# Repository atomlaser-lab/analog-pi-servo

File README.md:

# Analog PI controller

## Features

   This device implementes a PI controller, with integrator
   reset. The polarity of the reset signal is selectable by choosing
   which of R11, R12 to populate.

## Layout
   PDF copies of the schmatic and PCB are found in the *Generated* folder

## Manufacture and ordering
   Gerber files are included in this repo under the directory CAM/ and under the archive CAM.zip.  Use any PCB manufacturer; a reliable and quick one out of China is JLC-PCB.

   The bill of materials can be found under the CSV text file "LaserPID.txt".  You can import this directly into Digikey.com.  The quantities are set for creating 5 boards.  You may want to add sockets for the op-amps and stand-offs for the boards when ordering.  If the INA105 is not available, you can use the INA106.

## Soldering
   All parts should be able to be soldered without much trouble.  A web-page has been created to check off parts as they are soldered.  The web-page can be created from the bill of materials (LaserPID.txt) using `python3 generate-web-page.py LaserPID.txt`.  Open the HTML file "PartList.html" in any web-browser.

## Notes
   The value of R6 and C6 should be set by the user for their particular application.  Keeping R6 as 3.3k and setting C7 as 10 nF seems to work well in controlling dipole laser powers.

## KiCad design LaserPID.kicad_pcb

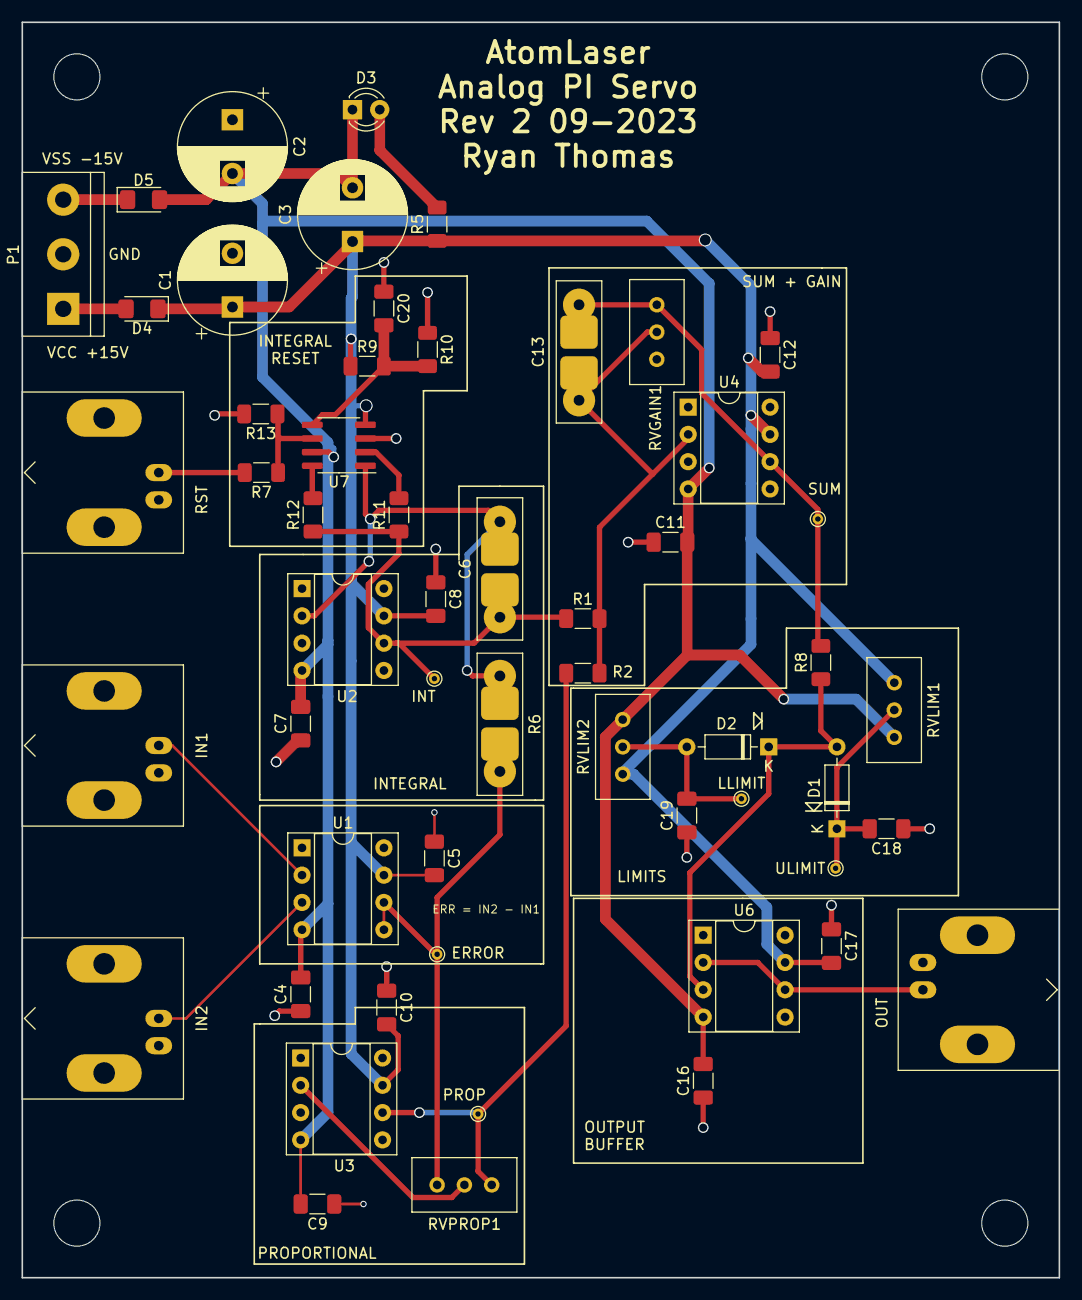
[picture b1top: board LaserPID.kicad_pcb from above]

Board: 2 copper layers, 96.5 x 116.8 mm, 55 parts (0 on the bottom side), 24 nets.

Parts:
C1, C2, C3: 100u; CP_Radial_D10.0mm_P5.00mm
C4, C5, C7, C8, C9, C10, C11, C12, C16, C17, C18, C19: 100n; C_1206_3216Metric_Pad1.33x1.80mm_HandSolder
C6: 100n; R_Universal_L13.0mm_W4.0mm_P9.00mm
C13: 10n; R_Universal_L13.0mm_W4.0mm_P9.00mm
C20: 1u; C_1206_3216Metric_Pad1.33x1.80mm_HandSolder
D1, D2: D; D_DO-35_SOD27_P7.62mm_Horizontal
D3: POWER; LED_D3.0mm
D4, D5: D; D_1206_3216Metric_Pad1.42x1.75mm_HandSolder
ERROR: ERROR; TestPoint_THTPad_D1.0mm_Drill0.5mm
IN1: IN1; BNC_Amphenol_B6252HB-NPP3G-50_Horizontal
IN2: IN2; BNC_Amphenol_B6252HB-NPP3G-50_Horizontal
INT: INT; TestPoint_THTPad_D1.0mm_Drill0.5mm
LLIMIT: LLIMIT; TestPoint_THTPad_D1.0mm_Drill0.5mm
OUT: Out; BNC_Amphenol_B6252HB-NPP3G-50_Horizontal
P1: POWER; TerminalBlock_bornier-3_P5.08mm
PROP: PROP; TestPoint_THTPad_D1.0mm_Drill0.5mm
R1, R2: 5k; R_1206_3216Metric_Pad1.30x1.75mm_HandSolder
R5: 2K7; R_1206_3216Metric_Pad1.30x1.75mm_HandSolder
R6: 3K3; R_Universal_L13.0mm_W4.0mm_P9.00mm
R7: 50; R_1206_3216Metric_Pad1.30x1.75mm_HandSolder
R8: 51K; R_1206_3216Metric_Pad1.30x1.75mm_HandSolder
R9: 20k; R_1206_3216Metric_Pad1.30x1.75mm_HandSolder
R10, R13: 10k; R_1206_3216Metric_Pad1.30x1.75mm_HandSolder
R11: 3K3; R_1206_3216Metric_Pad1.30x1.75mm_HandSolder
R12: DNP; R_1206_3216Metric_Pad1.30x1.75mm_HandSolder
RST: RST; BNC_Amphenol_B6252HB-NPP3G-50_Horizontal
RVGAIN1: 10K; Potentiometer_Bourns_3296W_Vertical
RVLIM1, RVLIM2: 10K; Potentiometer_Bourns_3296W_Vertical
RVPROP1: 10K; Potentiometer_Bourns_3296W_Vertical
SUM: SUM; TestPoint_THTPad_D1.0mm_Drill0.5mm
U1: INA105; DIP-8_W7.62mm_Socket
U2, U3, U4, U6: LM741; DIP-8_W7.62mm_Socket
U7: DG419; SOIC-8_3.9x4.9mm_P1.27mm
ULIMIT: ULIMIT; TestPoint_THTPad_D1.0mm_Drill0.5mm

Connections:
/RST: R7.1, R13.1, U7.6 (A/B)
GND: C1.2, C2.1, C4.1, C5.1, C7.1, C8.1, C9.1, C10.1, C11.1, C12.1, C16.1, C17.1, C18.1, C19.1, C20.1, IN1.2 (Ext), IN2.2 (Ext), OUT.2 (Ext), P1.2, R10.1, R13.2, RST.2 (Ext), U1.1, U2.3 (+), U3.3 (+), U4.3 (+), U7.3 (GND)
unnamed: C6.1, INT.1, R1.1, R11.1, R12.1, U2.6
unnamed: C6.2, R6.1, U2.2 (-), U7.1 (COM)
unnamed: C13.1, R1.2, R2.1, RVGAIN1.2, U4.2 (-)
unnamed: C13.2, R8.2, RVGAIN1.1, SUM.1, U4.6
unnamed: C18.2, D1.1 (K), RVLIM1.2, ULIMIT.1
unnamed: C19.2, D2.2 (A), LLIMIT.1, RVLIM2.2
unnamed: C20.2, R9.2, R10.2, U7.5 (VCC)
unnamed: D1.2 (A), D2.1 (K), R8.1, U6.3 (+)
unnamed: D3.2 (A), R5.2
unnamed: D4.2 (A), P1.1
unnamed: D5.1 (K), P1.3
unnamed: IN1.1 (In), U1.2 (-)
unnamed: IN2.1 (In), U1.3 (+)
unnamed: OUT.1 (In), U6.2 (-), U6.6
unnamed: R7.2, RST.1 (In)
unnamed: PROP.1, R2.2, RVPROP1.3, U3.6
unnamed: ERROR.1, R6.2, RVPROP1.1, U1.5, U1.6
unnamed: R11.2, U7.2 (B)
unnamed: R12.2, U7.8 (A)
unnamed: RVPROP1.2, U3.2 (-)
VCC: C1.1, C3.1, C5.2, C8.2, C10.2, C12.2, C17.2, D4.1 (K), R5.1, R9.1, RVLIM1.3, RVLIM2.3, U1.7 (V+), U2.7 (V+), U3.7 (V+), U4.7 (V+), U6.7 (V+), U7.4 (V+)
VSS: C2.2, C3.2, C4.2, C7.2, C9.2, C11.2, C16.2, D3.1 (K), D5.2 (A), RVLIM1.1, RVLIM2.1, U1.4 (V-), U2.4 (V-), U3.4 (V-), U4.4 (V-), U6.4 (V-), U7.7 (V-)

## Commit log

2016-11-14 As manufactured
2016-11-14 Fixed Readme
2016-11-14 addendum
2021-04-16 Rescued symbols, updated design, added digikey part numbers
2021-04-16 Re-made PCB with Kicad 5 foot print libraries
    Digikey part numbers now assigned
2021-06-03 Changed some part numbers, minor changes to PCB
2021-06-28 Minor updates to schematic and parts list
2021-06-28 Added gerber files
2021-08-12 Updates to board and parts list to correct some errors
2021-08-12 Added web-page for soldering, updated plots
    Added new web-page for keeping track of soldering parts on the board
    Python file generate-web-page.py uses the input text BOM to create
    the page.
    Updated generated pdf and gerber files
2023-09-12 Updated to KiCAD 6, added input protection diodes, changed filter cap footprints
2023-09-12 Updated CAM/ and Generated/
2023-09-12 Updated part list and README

^^^^

Would you retype exactly the lines above, from the line with "unnamed: C6.1, INT.1, R1.1, R11.1, R12.1, U2.6" to the line with "2021-06-28 Added gerber files", with both end lines kept and nothing more?

unnamed: C6.1, INT.1, R1.1, R11.1, R12.1, U2.6
unnamed: C6.2, R6.1, U2.2 (-), U7.1 (COM)
unnamed: C13.1, R1.2, R2.1, RVGAIN1.2, U4.2 (-)
unnamed: C13.2, R8.2, RVGAIN1.1, SUM.1, U4.6
unnamed: C18.2, D1.1 (K), RVLIM1.2, ULIMIT.1
unnamed: C19.2, D2.2 (A), LLIMIT.1, RVLIM2.2
unnamed: C20.2, R9.2, R10.2, U7.5 (VCC)
unnamed: D1.2 (A), D2.1 (K), R8.1, U6.3 (+)
unnamed: D3.2 (A), R5.2
unnamed: D4.2 (A), P1.1
unnamed: D5.1 (K), P1.3
unnamed: IN1.1 (In), U1.2 (-)
unnamed: IN2.1 (In), U1.3 (+)
unnamed: OUT.1 (In), U6.2 (-), U6.6
unnamed: R7.2, RST.1 (In)
unnamed: PROP.1, R2.2, RVPROP1.3, U3.6
unnamed: ERROR.1, R6.2, RVPROP1.1, U1.5, U1.6
unnamed: R11.2, U7.2 (B)
unnamed: R12.2, U7.8 (A)
unnamed: RVPROP1.2, U3.2 (-)
VCC: C1.1, C3.1, C5.2, C8.2, C10.2, C12.2, C17.2, D4.1 (K), R5.1, R9.1, RVLIM1.3, RVLIM2.3, U1.7 (V+), U2.7 (V+), U3.7 (V+), U4.7 (V+), U6.7 (V+), U7.4 (V+)
VSS: C2.2, C3.2, C4.2, C7.2, C9.2, C11.2, C16.2, D3.1 (K), D5.2 (A), RVLIM1.1, RVLIM2.1, U1.4 (V-), U2.4 (V-), U3.4 (V-), U4.4 (V-), U6.4 (V-), U7.7 (V-)

## Commit log

2016-11-14 As manufactured
2016-11-14 Fixed Readme
2016-11-14 addendum
2021-04-16 Rescued symbols, updated design, added digikey part numbers
2021-04-16 Re-made PCB with Kicad 5 foot print libraries
    Digikey part numbers now assigned
2021-06-03 Changed some part numbers, minor changes to PCB
2021-06-28 Minor updates to schematic and parts list
2021-06-28 Added gerber files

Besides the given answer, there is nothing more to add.